Si mosse leggermente a disagio sullo sgabello.

Udiva lo sgocciolio picchiettare sul pavimento sotto di lui, ma era troppo incuriosito dal guardarsi intorno per curarsene: quella era la casa di Thomas, il luogo dove viveva pieno dei dettagli che gli appartenevano.

Dopo essersi baciati sotto la pioggia come nella scena struggente di un film che raccontava di un amore impossibile, lo aveva preso per mano invitandolo a salire: «Siamo soli. Solo io e te. Nessun altro» gli aveva detto.

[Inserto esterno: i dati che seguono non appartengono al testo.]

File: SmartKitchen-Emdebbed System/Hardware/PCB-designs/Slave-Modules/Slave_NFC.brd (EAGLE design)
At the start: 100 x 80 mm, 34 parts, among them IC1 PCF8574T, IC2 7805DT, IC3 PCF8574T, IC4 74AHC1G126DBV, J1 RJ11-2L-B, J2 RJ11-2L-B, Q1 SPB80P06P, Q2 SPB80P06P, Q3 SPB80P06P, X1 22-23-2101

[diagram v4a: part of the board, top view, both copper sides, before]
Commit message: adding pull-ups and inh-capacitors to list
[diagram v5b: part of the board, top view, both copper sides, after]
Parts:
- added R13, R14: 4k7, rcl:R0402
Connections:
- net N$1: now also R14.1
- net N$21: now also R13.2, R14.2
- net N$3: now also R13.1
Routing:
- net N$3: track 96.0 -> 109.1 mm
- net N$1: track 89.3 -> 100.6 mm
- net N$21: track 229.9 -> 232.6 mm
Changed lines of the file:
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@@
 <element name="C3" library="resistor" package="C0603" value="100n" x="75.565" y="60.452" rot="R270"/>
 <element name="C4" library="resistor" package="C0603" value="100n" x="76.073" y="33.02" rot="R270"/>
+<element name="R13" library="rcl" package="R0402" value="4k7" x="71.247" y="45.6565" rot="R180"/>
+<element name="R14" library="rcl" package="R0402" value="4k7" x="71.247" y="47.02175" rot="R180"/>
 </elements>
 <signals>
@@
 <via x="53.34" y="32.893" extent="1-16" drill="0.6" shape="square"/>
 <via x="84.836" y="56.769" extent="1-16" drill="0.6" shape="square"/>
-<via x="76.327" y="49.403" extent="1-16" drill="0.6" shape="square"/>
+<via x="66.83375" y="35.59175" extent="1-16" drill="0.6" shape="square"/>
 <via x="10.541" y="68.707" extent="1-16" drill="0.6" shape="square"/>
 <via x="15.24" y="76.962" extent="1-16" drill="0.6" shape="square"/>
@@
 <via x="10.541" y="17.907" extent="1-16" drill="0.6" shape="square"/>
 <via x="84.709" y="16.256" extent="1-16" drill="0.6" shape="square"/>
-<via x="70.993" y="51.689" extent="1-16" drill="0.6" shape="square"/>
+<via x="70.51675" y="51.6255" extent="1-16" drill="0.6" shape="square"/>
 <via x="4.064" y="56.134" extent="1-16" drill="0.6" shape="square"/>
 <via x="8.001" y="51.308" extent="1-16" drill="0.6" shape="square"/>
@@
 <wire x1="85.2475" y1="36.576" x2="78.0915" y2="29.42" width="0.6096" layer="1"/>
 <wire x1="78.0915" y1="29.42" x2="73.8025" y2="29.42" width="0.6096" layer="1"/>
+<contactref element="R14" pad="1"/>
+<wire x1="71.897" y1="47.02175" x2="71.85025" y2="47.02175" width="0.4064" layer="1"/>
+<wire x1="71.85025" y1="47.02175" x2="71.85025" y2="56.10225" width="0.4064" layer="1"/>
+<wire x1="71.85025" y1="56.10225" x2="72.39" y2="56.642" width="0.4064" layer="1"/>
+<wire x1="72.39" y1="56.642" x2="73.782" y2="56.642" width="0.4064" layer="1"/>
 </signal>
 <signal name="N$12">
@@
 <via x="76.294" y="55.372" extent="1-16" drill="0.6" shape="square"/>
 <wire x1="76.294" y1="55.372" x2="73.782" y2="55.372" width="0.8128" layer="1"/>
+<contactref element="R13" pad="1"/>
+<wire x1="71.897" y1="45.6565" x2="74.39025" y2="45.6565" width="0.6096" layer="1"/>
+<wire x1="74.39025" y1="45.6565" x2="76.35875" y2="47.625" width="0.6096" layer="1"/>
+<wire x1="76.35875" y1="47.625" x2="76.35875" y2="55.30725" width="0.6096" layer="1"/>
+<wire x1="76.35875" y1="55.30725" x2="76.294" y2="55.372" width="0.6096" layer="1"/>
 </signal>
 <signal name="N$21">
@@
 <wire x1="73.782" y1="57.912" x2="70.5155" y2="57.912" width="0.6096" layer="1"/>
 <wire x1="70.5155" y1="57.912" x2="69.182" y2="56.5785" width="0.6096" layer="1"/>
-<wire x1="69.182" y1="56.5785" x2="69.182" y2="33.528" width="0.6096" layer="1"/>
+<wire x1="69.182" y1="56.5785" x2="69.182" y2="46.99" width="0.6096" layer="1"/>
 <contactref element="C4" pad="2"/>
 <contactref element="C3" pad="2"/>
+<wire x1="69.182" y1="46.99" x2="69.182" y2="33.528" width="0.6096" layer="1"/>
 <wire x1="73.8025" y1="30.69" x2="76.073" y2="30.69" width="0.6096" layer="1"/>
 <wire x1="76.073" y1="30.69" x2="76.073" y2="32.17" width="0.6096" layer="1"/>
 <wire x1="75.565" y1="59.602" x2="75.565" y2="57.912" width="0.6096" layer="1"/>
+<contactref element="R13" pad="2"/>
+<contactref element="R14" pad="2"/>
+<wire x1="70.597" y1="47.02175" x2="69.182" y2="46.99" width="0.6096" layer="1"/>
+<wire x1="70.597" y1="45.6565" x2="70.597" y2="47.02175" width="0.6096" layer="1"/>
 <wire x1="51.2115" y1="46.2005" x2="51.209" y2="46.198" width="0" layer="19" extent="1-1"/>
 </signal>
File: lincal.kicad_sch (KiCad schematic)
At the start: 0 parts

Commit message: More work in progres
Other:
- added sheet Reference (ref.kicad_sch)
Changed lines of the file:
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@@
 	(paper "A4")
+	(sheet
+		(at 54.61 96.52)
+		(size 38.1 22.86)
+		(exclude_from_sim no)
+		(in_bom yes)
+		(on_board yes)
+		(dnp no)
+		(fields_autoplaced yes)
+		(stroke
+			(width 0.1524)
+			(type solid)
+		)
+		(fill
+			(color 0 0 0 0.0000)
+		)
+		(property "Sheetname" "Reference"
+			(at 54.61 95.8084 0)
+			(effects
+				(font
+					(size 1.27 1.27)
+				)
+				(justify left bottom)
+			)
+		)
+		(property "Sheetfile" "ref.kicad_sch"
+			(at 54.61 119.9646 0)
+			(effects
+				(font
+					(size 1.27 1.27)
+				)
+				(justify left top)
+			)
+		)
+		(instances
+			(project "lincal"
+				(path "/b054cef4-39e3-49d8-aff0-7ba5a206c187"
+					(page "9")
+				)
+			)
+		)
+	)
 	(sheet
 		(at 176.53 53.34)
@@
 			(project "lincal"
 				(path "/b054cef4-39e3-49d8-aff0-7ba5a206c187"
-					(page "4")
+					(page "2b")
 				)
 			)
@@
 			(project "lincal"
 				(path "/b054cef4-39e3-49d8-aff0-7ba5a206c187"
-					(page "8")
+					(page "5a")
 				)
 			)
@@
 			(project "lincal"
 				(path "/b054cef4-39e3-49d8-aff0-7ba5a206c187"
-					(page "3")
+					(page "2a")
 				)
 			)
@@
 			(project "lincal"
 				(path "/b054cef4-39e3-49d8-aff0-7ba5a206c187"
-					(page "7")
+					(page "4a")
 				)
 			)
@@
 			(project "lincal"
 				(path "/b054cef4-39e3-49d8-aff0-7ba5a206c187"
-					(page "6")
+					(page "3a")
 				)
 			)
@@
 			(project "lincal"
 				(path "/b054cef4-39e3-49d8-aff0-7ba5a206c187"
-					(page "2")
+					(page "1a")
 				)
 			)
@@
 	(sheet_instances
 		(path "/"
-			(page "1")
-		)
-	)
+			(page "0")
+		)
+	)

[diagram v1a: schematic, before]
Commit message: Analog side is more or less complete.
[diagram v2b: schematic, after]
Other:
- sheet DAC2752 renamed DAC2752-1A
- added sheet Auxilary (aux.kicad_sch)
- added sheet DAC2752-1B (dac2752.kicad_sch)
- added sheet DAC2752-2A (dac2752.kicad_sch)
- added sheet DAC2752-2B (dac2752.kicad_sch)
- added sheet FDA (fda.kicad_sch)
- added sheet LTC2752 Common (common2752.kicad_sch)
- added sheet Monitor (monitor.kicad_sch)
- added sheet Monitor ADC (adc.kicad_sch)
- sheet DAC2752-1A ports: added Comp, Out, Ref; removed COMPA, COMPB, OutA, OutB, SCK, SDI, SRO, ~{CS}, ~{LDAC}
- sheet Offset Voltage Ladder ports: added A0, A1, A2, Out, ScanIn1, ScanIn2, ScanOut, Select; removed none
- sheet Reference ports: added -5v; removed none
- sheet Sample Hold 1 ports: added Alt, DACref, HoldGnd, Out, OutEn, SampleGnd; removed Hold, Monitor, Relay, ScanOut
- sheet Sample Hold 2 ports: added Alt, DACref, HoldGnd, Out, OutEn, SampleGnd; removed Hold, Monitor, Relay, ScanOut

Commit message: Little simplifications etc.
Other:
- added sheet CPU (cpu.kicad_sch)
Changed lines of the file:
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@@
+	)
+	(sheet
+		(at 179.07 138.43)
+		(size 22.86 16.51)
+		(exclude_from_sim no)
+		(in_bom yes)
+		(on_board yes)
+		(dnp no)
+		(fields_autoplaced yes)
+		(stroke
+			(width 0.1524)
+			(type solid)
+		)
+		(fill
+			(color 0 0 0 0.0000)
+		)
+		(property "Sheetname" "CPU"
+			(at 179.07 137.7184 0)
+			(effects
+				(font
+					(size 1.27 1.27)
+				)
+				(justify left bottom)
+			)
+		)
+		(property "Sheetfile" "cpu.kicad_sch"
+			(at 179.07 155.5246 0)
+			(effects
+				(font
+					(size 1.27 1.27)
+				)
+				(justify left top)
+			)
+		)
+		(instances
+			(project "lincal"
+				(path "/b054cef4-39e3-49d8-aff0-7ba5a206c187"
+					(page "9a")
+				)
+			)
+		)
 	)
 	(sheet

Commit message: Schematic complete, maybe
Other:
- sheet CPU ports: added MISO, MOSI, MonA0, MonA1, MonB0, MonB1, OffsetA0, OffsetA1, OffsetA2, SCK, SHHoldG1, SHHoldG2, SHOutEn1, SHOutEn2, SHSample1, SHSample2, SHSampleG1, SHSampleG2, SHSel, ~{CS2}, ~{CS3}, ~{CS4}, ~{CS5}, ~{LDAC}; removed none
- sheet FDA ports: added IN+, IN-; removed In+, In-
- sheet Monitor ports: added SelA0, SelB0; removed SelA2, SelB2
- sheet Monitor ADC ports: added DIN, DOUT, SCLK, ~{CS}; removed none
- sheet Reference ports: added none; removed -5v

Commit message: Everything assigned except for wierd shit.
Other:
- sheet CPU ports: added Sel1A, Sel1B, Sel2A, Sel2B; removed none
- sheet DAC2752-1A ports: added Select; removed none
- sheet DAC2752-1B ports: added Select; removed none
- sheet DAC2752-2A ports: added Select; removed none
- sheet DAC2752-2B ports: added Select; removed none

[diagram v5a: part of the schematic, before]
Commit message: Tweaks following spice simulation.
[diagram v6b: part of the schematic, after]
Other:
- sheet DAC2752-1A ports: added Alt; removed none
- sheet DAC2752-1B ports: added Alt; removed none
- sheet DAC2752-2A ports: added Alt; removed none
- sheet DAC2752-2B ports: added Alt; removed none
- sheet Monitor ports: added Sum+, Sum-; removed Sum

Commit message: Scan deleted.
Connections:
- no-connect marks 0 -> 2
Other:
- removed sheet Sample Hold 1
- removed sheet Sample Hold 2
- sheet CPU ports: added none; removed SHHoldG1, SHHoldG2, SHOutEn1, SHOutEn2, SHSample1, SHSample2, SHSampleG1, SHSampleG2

Gli piaceva quell'appartamento, ordinato e al tempo stesso vissuto.

Sapeva che Reed ci viveva insieme al figlio di Hall e al tatuatore irritante, ma tutti i libri e le riviste che riempivano le mensole e gli angoli del salotto e della cucina, i post-it che costellavano il frigorifero, le penne infilate persino nel barattolo dei mestoli, erano particolari che appartenevano a Thomas.

Sospirò, mordendosi la guancia: gli sarebbe piaciuto vivere lì, averlo sempre con sé per condividere i momenti più intimi e apparentemente banali che erano i più importanti.

Era passato molto tempo dall'ultima volta in cui aveva vissuto con qualcuno e non era stato il periodo migliore della sua vita: desiderava provare la sensazione di consapevolezza che, una volta varcata la soglia, non sarebbe stato più solo come lo era per le strade affollate del mondo.

Si guardò intorno: la cucina era piccola ma funzionale, tutta in muratura con gli elettrodomestici in acciaio. Il tavolo da pranzo era vicino al bow-window intorno al quale erano disposte quattro sedie rosse. Davanti a lui, sull'isola, c'erano candele profumate alla vaniglia per metà consumate, barattoli pieni di biscotti e un'alzatina sotto la cui campana di vetro si ammonticchiavano croissant, ciambelle e brownies.

Aria di casa...

Thomas arrivò con in mano un paio di asciugamani, degli indumenti ben piegati, un asciugacapelli e una cassetta di primo soccorso. Si era asciugato e cambiato i pantaloni, indossando una larga canottiera grigio scuro: «Ti ho portato un cambio. Spogliati, o ti ammalerai.»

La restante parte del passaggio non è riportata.